You mentioned that you have a large system, which could mean that the default concurrency parameters are far too large for a hard drive (which doesn’t like too much concurrent access), such as described in this post. The default is number of cores / 2 (same as the backup), so for your 36 cores that would be 18. The options are described in the blog post, but you might want to set --restore-file-processors (the number of processes that writes the target restore files) and --restore-volume-downloaders (the number of processes that download the volumes (or reads from the source drive in your case)) lower. 1 may not be enough to saturate the drive (as there’s some none-I/O processing that needs to be done), but you can experiment with different values to see what works best for your system. In the blog post I didn’t see too much of an performance improvement, but you may see something else.

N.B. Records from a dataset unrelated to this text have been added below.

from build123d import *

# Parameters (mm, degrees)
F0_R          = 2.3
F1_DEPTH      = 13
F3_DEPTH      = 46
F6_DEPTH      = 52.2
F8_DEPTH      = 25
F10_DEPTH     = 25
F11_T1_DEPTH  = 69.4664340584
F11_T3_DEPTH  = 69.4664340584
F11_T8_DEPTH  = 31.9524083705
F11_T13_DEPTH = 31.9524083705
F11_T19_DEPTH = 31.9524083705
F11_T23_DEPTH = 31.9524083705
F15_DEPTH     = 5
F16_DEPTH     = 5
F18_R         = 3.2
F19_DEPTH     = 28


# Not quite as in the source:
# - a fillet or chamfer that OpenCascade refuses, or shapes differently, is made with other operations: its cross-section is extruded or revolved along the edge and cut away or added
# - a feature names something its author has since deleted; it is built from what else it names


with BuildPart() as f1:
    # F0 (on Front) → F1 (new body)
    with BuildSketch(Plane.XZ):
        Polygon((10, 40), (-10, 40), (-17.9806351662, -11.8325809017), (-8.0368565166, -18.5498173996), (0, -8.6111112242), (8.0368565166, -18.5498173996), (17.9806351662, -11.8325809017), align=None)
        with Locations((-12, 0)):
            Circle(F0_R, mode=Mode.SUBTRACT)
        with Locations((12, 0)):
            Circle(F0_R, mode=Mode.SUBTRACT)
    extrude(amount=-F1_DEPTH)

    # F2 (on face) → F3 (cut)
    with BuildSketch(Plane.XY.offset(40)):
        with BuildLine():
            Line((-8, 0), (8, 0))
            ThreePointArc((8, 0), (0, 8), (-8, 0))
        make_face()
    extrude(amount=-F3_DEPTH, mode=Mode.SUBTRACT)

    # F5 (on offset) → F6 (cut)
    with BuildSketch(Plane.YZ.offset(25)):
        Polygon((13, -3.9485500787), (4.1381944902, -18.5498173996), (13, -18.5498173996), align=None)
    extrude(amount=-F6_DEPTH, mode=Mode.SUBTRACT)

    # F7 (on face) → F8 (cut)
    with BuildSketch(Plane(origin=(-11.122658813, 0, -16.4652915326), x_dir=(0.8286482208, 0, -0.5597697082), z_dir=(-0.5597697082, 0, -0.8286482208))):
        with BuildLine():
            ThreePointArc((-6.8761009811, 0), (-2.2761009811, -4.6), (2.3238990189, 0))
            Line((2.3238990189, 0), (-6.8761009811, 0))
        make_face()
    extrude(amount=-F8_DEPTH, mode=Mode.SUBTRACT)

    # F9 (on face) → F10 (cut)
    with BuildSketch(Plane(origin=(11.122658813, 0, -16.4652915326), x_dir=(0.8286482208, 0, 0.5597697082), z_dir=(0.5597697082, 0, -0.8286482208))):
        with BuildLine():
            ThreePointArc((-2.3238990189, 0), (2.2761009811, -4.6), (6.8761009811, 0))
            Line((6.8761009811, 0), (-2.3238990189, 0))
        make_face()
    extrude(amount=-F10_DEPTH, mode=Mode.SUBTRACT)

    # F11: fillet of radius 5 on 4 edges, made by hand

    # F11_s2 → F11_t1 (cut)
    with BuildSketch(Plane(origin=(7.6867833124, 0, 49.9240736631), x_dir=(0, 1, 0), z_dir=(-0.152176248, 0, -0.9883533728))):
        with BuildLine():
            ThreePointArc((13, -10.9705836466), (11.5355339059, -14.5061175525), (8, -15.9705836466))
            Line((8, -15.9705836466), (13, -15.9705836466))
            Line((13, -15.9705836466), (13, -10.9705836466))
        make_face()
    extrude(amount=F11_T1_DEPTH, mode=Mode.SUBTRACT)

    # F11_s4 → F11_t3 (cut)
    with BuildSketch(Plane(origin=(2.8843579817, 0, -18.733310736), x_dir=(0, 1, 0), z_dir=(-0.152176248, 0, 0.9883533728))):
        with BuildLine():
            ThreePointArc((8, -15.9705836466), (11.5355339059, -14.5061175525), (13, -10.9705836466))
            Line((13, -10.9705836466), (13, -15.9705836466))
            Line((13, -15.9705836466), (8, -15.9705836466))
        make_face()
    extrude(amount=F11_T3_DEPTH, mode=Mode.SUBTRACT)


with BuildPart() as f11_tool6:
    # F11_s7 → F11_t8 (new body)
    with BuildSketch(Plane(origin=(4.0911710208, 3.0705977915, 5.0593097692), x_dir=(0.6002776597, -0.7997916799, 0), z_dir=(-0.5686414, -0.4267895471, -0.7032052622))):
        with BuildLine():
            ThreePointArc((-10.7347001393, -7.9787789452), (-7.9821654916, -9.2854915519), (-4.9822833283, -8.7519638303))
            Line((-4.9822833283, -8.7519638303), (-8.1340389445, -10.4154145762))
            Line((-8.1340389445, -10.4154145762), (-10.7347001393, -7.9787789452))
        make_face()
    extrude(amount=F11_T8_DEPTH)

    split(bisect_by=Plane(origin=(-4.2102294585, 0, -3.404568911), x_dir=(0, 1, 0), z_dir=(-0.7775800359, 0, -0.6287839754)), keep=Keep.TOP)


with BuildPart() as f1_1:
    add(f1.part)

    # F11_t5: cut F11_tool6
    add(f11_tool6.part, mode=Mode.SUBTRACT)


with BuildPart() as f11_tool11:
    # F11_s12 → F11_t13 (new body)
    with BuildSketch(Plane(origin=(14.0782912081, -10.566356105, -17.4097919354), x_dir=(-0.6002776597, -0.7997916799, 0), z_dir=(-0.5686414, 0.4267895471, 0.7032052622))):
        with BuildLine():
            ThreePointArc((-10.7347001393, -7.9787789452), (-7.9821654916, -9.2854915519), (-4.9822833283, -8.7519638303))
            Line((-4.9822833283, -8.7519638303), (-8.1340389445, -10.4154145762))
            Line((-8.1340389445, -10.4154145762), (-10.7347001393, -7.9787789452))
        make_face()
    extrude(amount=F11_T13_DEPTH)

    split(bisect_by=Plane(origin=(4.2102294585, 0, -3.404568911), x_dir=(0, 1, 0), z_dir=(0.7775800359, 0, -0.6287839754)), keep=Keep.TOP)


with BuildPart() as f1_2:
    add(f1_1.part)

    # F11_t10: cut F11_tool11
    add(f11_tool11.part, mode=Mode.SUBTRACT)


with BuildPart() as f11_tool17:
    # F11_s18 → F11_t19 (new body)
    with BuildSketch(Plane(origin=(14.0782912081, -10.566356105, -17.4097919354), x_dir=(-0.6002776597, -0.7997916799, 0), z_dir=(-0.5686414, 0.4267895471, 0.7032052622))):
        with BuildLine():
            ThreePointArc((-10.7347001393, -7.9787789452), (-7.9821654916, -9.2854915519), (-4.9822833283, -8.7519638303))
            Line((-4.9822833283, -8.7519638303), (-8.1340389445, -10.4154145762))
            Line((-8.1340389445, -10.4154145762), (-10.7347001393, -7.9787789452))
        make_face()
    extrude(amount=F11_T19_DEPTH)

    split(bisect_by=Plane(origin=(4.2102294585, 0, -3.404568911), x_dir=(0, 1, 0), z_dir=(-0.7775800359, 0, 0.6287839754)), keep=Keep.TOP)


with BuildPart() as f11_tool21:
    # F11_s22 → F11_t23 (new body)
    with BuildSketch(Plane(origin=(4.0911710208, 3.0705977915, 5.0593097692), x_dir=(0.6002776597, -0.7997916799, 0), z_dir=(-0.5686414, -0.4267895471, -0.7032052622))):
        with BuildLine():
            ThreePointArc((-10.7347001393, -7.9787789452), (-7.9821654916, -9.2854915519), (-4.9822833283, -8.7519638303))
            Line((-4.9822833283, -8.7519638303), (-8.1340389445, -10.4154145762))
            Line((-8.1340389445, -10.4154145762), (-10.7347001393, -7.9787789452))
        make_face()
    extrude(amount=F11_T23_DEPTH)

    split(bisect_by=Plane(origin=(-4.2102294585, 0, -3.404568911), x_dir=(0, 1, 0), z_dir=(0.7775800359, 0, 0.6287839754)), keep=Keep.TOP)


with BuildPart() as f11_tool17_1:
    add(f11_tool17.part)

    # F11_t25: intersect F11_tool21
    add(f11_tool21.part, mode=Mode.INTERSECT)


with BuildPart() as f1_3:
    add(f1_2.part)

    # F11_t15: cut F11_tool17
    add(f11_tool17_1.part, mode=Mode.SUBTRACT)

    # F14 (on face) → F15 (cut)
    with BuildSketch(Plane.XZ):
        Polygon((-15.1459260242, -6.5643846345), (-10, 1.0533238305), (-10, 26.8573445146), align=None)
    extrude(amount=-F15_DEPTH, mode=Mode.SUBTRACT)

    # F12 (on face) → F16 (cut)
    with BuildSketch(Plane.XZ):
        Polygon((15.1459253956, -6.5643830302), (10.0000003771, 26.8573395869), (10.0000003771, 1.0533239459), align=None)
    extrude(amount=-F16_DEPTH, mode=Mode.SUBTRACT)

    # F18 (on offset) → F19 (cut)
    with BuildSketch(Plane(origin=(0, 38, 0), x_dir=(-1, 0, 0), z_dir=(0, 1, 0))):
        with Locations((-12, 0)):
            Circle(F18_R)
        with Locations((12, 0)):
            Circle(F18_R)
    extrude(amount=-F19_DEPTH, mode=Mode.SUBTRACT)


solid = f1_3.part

This is a warning system in place to ensure that the network doesn’t stagnate due to a deadlock. It was introduced with the new restore flow as it’s using concurrent processes. So if you’re seeing system activity (be that CPU, network, or disk) related to Duplicati you should ignore the warning. If nothing’s happening, then it could indicate a deadlock, which should be reported. The threshold is set to 2 times the maximum round-trip time for a block request. If your disks are being overloaded by requests, then the round-trip time will increase, which will lead to the warnings being emitted.

Right, I can see how that can be confusing. The temp folder is used as a staging area for the volumes as they are downloaded, decrypted, and decompressed. I think that if we’re able to handle the volume cache more effectively (discussion) then this shouldn’t be as much of an issue. In the meantime, I’m not sure of how to convey this information better, as most (or at least myself whenever I use a new tool) don’t want to read the documentation to use the product and forcing a read is not ideal.

Not too much, but there is some if run with --log-level=Profiling and --internal-profiling=true (at least those provide information that’s parseable by me). I would like to build a more intuitive performance/profiling tool/UI to provide more insight to where and which bottlenecks reside. But that’s future work. There has also been added some cache metrics in this PR, but it’s yet to be included in a build.